Data excerpts:
* * * * * * *
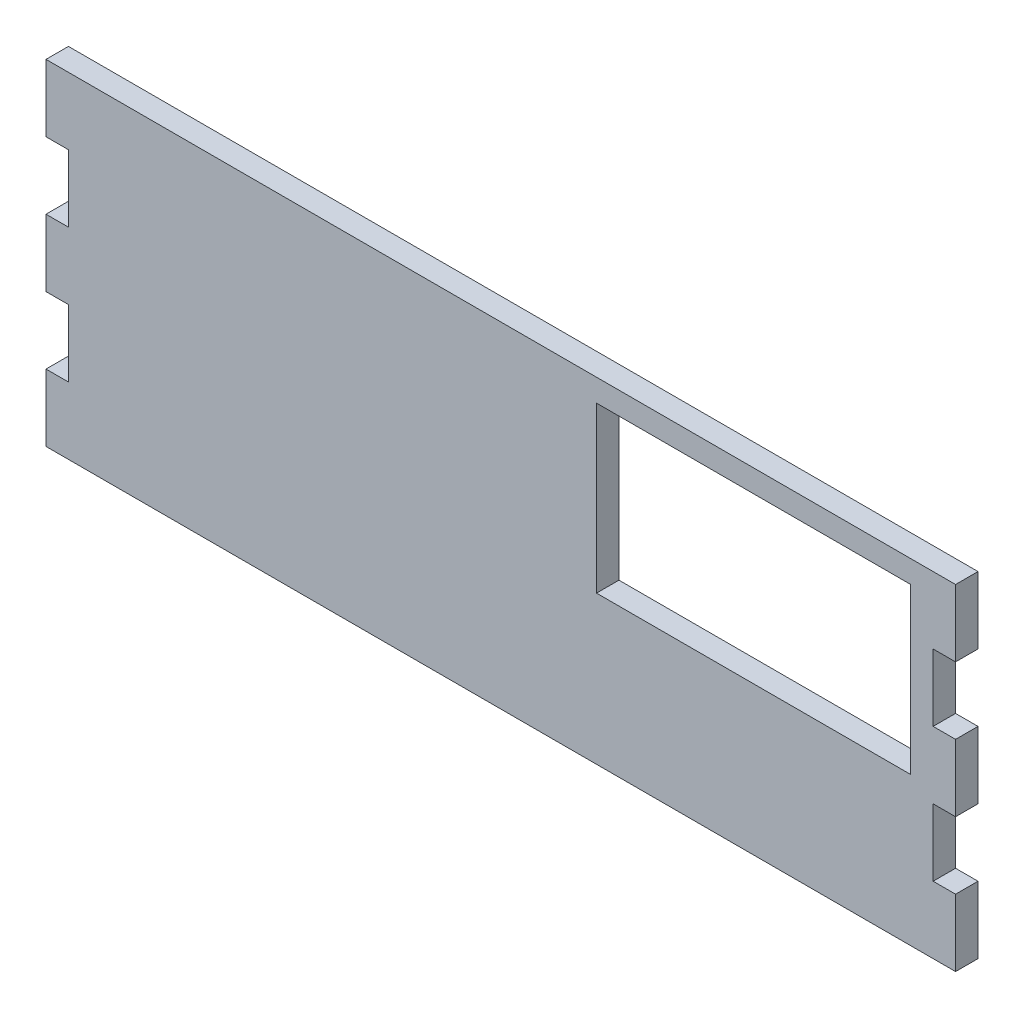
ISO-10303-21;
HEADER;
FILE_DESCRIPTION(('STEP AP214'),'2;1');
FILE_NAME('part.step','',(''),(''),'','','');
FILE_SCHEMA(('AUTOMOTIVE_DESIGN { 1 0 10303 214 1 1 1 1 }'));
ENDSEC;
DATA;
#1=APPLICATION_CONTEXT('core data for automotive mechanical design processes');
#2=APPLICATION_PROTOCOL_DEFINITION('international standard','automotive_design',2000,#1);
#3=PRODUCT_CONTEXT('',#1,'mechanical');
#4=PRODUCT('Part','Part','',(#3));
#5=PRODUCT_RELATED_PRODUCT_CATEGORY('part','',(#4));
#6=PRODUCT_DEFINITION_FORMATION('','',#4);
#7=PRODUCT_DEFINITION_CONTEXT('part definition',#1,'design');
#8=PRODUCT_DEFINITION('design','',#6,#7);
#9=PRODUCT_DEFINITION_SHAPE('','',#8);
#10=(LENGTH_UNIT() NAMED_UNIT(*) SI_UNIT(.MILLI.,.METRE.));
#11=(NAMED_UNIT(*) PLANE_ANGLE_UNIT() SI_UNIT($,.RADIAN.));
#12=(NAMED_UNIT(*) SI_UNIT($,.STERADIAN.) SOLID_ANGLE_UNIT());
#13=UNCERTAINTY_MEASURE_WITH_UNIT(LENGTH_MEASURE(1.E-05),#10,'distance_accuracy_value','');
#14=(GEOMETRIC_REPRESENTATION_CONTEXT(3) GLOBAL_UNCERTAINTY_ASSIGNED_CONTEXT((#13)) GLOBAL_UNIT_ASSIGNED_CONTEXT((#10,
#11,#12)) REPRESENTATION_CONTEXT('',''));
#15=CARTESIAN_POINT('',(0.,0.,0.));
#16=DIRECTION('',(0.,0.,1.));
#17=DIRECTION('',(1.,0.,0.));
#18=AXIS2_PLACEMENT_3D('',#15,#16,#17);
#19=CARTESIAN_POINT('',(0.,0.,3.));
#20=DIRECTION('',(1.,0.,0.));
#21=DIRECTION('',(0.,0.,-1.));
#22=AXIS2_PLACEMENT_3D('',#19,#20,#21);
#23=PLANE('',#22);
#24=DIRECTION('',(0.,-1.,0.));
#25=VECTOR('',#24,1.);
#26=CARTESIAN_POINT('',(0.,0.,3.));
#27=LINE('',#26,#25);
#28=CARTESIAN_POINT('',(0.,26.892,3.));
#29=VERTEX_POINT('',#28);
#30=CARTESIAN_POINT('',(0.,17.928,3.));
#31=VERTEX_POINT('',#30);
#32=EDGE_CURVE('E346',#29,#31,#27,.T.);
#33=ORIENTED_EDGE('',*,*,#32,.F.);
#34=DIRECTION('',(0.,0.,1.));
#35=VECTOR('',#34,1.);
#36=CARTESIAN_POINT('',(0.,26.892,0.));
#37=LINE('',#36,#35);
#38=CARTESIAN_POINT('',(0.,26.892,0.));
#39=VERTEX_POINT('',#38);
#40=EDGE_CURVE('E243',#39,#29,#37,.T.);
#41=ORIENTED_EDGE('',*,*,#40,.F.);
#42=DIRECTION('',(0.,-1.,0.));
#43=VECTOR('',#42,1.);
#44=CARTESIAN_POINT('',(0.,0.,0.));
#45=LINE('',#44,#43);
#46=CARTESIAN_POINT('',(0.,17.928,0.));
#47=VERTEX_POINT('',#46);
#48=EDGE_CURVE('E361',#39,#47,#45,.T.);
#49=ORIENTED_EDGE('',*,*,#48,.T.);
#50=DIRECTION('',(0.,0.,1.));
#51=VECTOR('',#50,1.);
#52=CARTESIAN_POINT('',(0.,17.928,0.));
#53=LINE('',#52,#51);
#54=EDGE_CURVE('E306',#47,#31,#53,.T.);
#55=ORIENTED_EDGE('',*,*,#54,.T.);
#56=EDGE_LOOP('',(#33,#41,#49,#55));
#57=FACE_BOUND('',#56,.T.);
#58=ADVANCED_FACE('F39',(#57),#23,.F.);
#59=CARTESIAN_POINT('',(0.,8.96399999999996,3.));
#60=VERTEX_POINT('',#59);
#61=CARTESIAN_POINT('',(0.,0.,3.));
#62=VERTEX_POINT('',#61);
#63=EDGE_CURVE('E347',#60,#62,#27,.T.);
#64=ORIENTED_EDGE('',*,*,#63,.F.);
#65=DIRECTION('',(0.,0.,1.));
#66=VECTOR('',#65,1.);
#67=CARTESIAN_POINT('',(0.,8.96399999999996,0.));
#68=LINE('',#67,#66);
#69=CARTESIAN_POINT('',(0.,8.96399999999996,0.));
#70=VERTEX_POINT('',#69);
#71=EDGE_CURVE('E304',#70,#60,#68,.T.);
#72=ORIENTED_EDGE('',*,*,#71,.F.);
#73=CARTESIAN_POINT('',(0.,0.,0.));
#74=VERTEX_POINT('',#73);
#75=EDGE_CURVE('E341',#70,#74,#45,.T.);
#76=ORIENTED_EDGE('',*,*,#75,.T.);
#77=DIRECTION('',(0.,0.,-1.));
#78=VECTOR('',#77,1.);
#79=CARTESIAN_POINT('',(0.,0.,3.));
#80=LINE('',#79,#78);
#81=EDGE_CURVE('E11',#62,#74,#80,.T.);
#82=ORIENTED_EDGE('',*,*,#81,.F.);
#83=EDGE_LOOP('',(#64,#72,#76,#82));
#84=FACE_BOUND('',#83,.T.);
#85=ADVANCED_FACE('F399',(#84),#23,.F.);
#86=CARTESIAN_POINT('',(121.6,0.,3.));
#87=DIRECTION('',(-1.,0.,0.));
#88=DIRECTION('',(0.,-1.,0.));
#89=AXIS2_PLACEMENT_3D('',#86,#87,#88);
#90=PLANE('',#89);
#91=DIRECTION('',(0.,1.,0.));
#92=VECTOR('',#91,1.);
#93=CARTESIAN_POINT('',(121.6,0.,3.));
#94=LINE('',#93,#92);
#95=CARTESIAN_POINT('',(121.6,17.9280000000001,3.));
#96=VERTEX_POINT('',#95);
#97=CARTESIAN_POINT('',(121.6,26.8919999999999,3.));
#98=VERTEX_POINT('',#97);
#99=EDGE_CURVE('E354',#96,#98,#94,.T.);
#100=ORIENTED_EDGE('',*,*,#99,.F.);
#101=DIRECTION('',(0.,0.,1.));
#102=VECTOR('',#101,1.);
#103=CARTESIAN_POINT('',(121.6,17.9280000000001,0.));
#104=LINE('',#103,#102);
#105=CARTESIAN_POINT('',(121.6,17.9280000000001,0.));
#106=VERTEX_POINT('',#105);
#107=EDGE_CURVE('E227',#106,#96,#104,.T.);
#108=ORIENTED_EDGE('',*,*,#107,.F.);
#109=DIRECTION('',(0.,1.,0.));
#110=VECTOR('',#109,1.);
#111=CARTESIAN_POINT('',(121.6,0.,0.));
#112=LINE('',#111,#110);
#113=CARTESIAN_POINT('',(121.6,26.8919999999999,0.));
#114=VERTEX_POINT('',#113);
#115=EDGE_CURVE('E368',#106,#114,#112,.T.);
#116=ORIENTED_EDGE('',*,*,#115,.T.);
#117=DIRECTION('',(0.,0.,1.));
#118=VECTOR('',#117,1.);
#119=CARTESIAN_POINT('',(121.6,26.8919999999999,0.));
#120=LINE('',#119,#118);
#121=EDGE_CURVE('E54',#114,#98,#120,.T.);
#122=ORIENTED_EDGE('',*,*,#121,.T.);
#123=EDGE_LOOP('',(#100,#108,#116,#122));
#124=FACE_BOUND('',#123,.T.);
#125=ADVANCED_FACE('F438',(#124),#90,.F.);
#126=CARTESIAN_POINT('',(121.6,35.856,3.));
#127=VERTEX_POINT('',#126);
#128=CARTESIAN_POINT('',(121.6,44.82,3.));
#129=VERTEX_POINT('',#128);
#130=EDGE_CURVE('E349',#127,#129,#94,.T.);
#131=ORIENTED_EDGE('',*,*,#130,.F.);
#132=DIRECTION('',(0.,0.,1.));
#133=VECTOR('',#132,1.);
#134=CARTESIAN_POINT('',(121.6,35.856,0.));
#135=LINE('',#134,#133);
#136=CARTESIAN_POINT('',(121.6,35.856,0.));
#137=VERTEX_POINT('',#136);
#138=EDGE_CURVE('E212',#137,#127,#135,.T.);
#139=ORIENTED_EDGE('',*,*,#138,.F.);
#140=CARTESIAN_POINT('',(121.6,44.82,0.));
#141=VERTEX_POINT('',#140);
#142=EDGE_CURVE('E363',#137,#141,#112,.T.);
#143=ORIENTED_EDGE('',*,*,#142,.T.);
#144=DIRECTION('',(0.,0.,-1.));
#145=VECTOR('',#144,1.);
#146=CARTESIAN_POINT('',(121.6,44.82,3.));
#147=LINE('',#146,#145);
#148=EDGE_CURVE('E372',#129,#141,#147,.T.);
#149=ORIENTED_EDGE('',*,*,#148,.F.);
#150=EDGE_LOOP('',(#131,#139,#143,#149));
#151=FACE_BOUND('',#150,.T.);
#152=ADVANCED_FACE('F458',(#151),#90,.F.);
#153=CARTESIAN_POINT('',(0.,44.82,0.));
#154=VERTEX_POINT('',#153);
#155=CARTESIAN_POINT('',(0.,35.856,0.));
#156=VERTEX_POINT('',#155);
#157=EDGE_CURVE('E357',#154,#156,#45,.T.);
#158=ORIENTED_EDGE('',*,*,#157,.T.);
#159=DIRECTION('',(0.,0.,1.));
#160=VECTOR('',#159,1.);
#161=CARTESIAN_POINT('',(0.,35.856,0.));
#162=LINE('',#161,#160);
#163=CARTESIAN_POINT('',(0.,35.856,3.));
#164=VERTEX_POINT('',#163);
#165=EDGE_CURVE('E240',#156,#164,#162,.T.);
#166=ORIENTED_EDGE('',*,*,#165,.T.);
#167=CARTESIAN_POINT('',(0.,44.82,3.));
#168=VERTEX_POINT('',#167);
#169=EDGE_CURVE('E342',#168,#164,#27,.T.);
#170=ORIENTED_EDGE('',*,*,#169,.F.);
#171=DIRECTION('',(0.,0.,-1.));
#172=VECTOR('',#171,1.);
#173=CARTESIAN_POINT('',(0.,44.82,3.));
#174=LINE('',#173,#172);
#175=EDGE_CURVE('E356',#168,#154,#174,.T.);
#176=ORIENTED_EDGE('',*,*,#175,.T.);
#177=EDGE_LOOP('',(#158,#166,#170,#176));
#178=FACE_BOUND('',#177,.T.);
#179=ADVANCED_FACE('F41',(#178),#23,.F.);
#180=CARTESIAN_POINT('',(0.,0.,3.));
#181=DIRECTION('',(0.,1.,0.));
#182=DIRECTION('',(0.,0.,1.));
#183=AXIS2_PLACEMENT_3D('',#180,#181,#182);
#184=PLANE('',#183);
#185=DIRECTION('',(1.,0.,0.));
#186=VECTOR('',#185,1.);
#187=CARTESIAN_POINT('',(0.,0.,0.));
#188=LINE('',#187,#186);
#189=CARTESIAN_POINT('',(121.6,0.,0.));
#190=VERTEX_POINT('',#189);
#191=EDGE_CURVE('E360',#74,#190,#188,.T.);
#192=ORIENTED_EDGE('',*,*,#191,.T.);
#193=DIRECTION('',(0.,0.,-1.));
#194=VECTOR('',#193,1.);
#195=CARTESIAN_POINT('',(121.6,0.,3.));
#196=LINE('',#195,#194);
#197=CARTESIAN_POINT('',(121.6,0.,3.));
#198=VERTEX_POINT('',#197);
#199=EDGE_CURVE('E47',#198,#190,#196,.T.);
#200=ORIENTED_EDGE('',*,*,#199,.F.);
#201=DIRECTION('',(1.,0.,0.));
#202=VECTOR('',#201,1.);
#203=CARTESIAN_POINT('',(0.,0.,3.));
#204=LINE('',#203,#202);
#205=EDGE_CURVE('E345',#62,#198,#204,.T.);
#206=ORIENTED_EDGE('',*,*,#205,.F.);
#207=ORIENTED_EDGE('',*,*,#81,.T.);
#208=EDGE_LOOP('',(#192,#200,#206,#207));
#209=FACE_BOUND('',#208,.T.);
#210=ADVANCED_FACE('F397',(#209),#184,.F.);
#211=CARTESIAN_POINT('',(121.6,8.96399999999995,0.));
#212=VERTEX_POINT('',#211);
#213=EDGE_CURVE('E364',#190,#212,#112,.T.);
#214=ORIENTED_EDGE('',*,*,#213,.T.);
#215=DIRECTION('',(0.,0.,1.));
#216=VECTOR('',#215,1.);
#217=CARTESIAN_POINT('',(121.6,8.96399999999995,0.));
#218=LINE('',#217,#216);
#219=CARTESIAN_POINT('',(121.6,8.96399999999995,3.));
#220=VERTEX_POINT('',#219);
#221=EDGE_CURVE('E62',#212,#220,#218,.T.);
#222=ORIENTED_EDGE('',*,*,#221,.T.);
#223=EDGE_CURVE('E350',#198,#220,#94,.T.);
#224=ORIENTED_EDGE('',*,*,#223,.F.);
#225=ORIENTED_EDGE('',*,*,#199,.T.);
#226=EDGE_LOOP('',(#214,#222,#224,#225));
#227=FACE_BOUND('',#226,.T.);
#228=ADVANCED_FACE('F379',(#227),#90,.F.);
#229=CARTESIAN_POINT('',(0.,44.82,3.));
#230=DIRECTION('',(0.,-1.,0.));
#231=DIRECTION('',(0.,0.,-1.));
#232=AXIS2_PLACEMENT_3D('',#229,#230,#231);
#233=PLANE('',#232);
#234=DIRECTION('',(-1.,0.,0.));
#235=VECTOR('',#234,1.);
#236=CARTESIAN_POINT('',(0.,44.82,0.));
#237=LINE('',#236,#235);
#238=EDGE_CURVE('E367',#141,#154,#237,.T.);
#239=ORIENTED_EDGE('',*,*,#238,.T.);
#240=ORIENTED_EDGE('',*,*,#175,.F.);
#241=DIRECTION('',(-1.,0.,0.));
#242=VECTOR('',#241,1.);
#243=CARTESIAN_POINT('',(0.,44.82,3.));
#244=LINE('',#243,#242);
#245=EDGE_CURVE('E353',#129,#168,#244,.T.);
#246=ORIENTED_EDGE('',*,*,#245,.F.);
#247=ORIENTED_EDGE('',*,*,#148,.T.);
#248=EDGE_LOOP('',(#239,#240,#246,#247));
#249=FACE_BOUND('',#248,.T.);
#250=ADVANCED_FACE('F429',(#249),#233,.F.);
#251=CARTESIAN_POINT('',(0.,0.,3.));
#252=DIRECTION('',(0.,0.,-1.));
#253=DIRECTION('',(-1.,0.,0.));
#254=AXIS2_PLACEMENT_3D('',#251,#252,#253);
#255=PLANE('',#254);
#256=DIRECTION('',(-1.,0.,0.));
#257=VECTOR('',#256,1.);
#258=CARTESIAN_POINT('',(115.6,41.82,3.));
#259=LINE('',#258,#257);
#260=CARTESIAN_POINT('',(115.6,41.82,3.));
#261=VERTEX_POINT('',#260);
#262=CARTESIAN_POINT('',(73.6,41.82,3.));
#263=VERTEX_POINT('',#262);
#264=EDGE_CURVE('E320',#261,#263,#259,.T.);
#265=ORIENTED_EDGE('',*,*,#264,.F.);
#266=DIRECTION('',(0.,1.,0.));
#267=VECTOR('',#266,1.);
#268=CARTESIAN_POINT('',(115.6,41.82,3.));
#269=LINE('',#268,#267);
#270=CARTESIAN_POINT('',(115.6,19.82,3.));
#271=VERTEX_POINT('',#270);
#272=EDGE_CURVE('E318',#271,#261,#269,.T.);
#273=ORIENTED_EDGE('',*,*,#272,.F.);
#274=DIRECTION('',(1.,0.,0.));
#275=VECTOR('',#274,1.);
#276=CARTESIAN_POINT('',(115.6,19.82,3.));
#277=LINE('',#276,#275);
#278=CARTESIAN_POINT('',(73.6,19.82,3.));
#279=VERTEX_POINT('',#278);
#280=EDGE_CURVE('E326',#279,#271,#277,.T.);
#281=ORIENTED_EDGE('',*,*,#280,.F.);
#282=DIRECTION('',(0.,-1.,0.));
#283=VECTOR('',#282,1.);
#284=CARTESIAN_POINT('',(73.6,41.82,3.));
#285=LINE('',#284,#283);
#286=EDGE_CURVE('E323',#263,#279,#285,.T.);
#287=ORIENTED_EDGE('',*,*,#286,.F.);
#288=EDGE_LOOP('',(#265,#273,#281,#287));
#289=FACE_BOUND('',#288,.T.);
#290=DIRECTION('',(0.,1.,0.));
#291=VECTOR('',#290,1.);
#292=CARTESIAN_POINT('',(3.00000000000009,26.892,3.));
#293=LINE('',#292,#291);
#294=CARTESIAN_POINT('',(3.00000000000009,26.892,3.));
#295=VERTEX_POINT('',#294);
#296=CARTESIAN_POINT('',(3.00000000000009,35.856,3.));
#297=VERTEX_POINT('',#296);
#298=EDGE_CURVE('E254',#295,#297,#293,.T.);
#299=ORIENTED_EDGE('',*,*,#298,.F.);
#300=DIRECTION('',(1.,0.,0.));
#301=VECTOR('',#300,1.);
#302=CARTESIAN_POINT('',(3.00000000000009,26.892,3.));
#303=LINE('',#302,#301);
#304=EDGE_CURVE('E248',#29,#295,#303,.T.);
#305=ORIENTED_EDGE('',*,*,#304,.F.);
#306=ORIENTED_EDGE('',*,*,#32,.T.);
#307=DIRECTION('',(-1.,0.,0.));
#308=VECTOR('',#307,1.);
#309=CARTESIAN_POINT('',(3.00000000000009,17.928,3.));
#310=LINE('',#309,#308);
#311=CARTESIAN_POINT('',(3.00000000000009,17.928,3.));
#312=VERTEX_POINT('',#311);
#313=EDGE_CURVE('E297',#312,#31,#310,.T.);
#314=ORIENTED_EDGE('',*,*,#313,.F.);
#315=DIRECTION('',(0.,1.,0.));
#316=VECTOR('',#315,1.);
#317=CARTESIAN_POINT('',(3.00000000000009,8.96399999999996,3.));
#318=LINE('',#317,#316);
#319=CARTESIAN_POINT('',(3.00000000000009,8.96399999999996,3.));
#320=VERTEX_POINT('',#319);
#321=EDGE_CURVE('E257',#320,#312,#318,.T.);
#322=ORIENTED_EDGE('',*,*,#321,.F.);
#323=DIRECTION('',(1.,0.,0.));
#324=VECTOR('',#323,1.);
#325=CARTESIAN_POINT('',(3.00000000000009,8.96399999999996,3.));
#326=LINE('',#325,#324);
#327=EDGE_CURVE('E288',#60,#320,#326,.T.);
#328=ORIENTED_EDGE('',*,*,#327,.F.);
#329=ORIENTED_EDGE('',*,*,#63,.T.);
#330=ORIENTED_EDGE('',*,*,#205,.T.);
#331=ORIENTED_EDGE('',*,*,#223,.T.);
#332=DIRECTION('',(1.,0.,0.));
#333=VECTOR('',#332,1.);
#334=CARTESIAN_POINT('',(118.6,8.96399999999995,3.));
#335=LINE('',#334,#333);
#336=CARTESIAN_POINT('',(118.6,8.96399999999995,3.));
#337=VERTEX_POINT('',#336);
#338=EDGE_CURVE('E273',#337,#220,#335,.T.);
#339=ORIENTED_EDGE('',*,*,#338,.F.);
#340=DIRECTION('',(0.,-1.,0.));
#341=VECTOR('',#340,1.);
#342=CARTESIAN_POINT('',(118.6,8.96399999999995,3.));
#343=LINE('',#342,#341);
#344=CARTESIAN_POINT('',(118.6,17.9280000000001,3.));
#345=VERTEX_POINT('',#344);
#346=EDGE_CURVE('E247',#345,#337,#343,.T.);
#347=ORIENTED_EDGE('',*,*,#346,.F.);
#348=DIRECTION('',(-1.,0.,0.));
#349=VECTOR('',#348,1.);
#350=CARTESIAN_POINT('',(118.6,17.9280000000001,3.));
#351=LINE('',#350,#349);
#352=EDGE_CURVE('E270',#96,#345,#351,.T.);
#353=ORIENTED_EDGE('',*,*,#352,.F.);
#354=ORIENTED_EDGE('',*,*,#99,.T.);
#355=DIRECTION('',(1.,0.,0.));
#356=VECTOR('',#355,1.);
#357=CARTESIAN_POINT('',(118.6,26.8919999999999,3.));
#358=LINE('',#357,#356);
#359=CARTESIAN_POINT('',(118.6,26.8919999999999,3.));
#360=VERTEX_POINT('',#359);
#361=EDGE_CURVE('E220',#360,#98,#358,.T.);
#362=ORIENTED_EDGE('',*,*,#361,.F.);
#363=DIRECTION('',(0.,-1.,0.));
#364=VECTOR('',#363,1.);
* * * * * * *
What needs to be done: The line containing "#357=CARTESIAN_POINT('',(118.6,26.8919999999999,3.));" opens the range, and the last line of the entries closes it; copy that range exactly.

Completed task:
#357=CARTESIAN_POINT('',(118.6,26.8919999999999,3.));
#358=LINE('',#357,#356);
#359=CARTESIAN_POINT('',(118.6,26.8919999999999,3.));
#360=VERTEX_POINT('',#359);
#361=EDGE_CURVE('E220',#360,#98,#358,.T.);
#362=ORIENTED_EDGE('',*,*,#361,.F.);
#363=DIRECTION('',(0.,-1.,0.));
#364=VECTOR('',#363,1.);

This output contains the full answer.